In addition, awk also provides a set of variable creation (all variable names are capitalized), as shown in the following list:

Variable name the number of ARGC command line parameters. The AGV index of the current file being processed by the ARGIND command line. ARGV command line parameter array. CONVFMT converts the numeric format. The array passed by ENVIRON from the shell that contains the current environment variable. ERRNO when you use the close function or the getline function to read data, the description of the redirection error is stored in this variable. FIELDWIDTHS can replace the list of FS delimiters when dividing records by fixed domain width. The current input file name of FILENAME. The record number of the current FNR file. The input delimiter of FS. The default Delimiter is space. IGNORECASE disables case sensitivity in regular expressions and string operations. The number of NF file domains. The number of records of the current NR file. OFMT digital output format. OFS output domain separator. ORS output record delimiter. The length of the string matching by the match function. RS input record delimiter. The offset of the string matching by the match function. SUBSEP subscript delimiter.

/> Cat employees2
Tom Jones: 4424: 5/12/66: 543354
Mary Adams: 5346: 11/4/63: 28765
Sally Chang: 1654: 7/22/54: 650000
Mary Black: 1683: 9/23/44: 336500

/> Awk-F: '{IGNORECASE = 1}; $1 = "mary adams" {print NR, $1, $2, $ NF}' employees2
2 Mary Adams 5346 28765
/> Awk-F: '$1 = "mary adams" {print NR, $1, $2, $ NF}' employees2
No output results.
When the value of the IGNORECASE built-in variable is not 0, it indicates that the case sensitivity is disabled when string operations and regular expressions are processed. Here, "mary adams" will match the "Mary Admams" record in the file. Print the first, second, and last fields. Note that NF indicates the number of the current record domains, so $ NF indicates the value of the last domain.
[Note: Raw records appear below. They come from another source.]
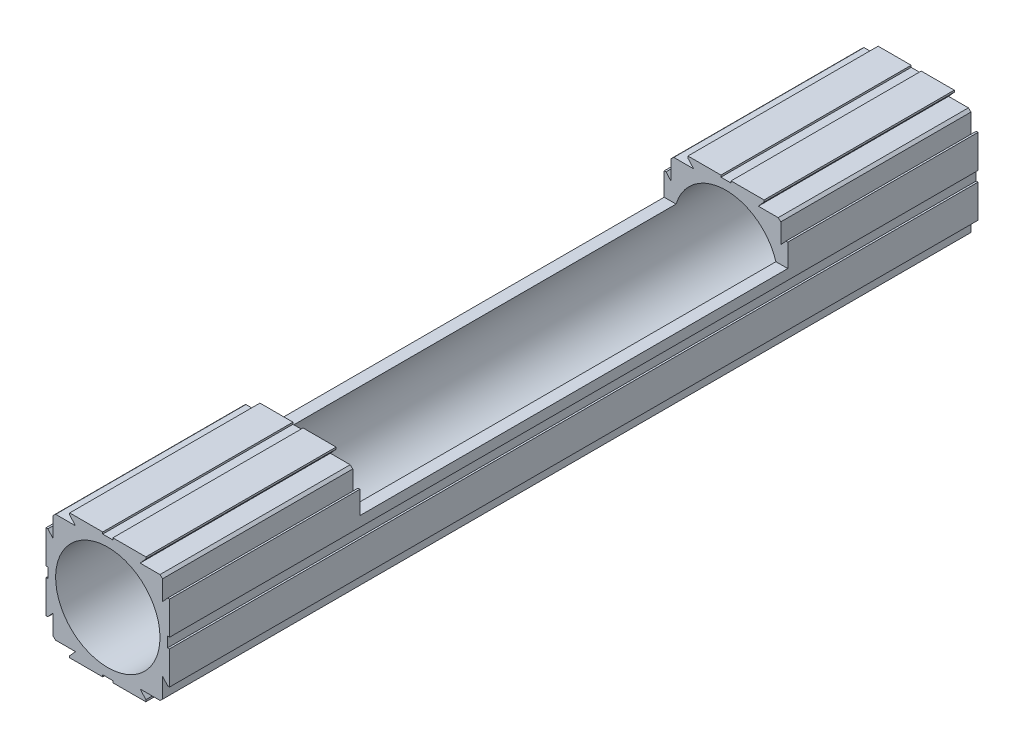
from build123d import *

# Parameters (mm, degrees)
SKETCH2_R               = 27.873868368
BOSS_EXTRUDE1_DEPTH     = 500
CUT_EXTRUDE1_DEPTH      = 505.976972678
CUT_EXTRUDE1_DEPTH_BACK = 505.976972678
SKETCH3_W               = 228.6
SKETCH3_H               = 25.4
SKETCH3_W_2             = 68.2
SKETCH3_H_2             = 67.058155704


with BuildPart() as part:
    # Sketch2 → Boss-Extrude1 (new body)
    with BuildSketch(Plane.XY):
        Polygon((-20.337957043, 33.529077852), (-2.699269284, 33.529077852), (-2.699269284, 32.535153464), (2.699269284, 32.535153464), (2.699269284, 33.529077852), (20.337957043, 33.529077852), (20.337957043, 32.535153464), (17.271526495, 29.113021938), (27.871192843, 29.113021938), (29.262123018, 27.866666927), (29.262123018, 17.267000578), (32.013880115, 20.337957043), (33.007804503, 20.337957043), (33.007804503, 2.699269284), (32.013880115, 2.699269284), (32.013880115, -2.699269284), (33.007804503, -2.699269284), (33.007804503, -20.337957043), (32.013880115, -20.337957043), (29.262123018, -17.267000578), (29.262123018, -27.866666927), (27.871192843, -29.113021938), (17.271526495, -29.113021938), (20.337957043, -32.535153464), (20.337957043, -33.529077852), (2.699269284, -33.529077852), (2.699269284, -32.535153464), (-2.699269284, -32.535153464), (-2.699269284, -33.529077852), (-20.337957043, -33.529077852), (-20.337957043, -32.535153464), (-17.271526495, -29.113021938), (-27.871192843, -29.113021938), (-29.262123018, -27.866666927), (-29.262123018, -17.267000578), (-32.013880115, -20.337957043), (-33.007804503, -20.337957043), (-33.007804503, -2.699269284), (-32.013880115, -2.699269284), (-32.013880115, 2.699269284), (-33.007804503, 2.699269284), (-33.007804503, 20.337957043), (-32.013880115, 20.337957043), (-29.262123018, 17.267000578), (-29.262123018, 27.866666927), (-27.871192843, 29.113021938), (-17.271526495, 29.113021938), (-20.337957043, 32.535153464), align=None)
        Circle(SKETCH2_R, mode=Mode.SUBTRACT)
    extrude(amount=BOSS_EXTRUDE1_DEPTH)

    # Sketch3 → Cut-Extrude1 (cut, two sides: drawn at the far end of the back side and taken through both)
    with BuildSketch(Plane(origin=(29.262123018, 0, 0), x_dir=(0, 0, -1), z_dir=(1, 0, 0)).offset(-CUT_EXTRUDE1_DEPTH_BACK)):
        with Locations((-284.1, 20.829077852)):
            Rectangle(SKETCH3_W, SKETCH3_H)
        with Locations((-34.1, 0)):
            Rectangle(SKETCH3_W_2, SKETCH3_H_2)
    extrude(amount=CUT_EXTRUDE1_DEPTH + CUT_EXTRUDE1_DEPTH_BACK, mode=Mode.SUBTRACT)


solid = part.part
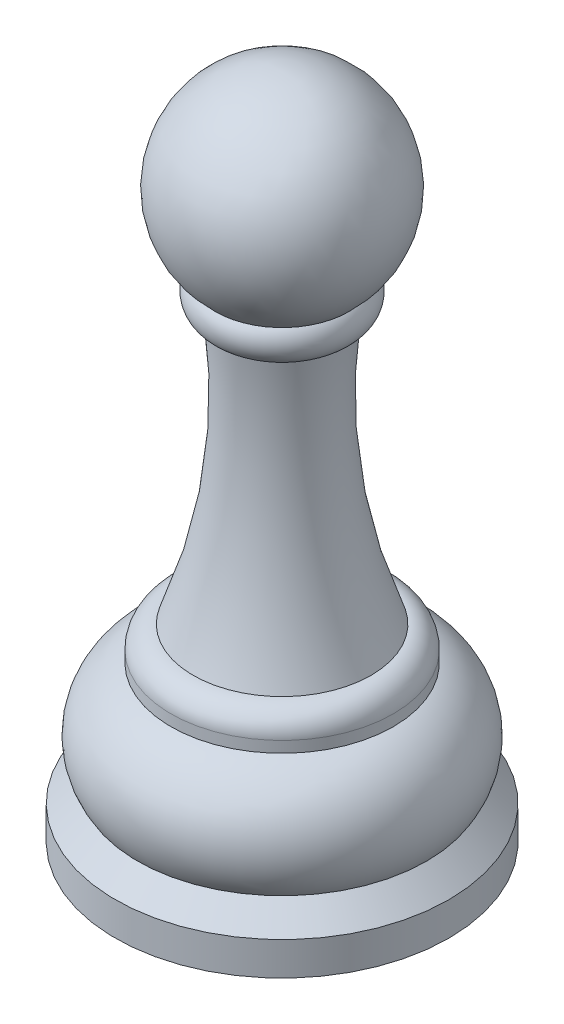
from build123d import *


with BuildPart() as part:
    # Sketch1 → Revolve3 (revolve)
    with BuildSketch(Plane.XY, mode=Mode.PRIVATE) as revolve3_sk:
        with BuildLine():
            Line((0, 0), (-15, 0))
            Line((-15, 0), (-15, 3))
            Line((-15, 3), (-13, 5))
            ThreePointArc((-13, 5), (-13.688325627, 10.216881481), (-10, 13.97))
            Line((-10, 13.97), (-10, 14.97))
            ThreePointArc((-10, 14.97), (-9.414213562, 16.384213562), (-8, 16.97))
            ThreePointArc((-8, 16.97), (-5.019495729, 28.81539847), (-5, 41.03))
            ThreePointArc((-5, 41.03), (-6.412519214, 42.380086131), (-6, 44.29))
            ThreePointArc((-6, 44.29), (-8.408390155, 54.210585037), (0, 60))
            Line((0, 60), (0, 0))
        make_face()
    revolve(revolve3_sk.sketch.rotate(Axis((0, 0, 0), (0, 1, 0)), 180), axis=Axis((0, 0, 0), (0, 1, 0)))


solid = part.part

Awk also provides the BEGIN block and END block in the action part. The BEGIN action block is executed before awk processes any input file lines. In fact, the BEGIN block can be tested without any input file. Because awk will not read any input files until the BEGIN block is executed. The BEGIN block is usually used to change the value of built-in variables, such as OFS, RS, and FS. It can also be used to initialize custom variable values or print the output title.
/> Awk 'in in {FS = ":"; OFS = "\ t"; ORS = "\ n"} {print $1, $2, $3} filename
In the above example, awk has set the domain separator (FS) as a colon Before processing the file, the output file domain separator (OFS) as a tab, and the output record separator (ORS) it is set to two line breaks. If there are multiple statements in the action module after BEGIN, they are separated by semicolons.
Unlike BEGIN, the action in the END module is executed after the entire file is processed.
/> Awk 'end {print "The number of the records is" NR} 'filename
After processing the input file, awk executes the action in the END module. In the above example, the NR value is the record number of the last record read.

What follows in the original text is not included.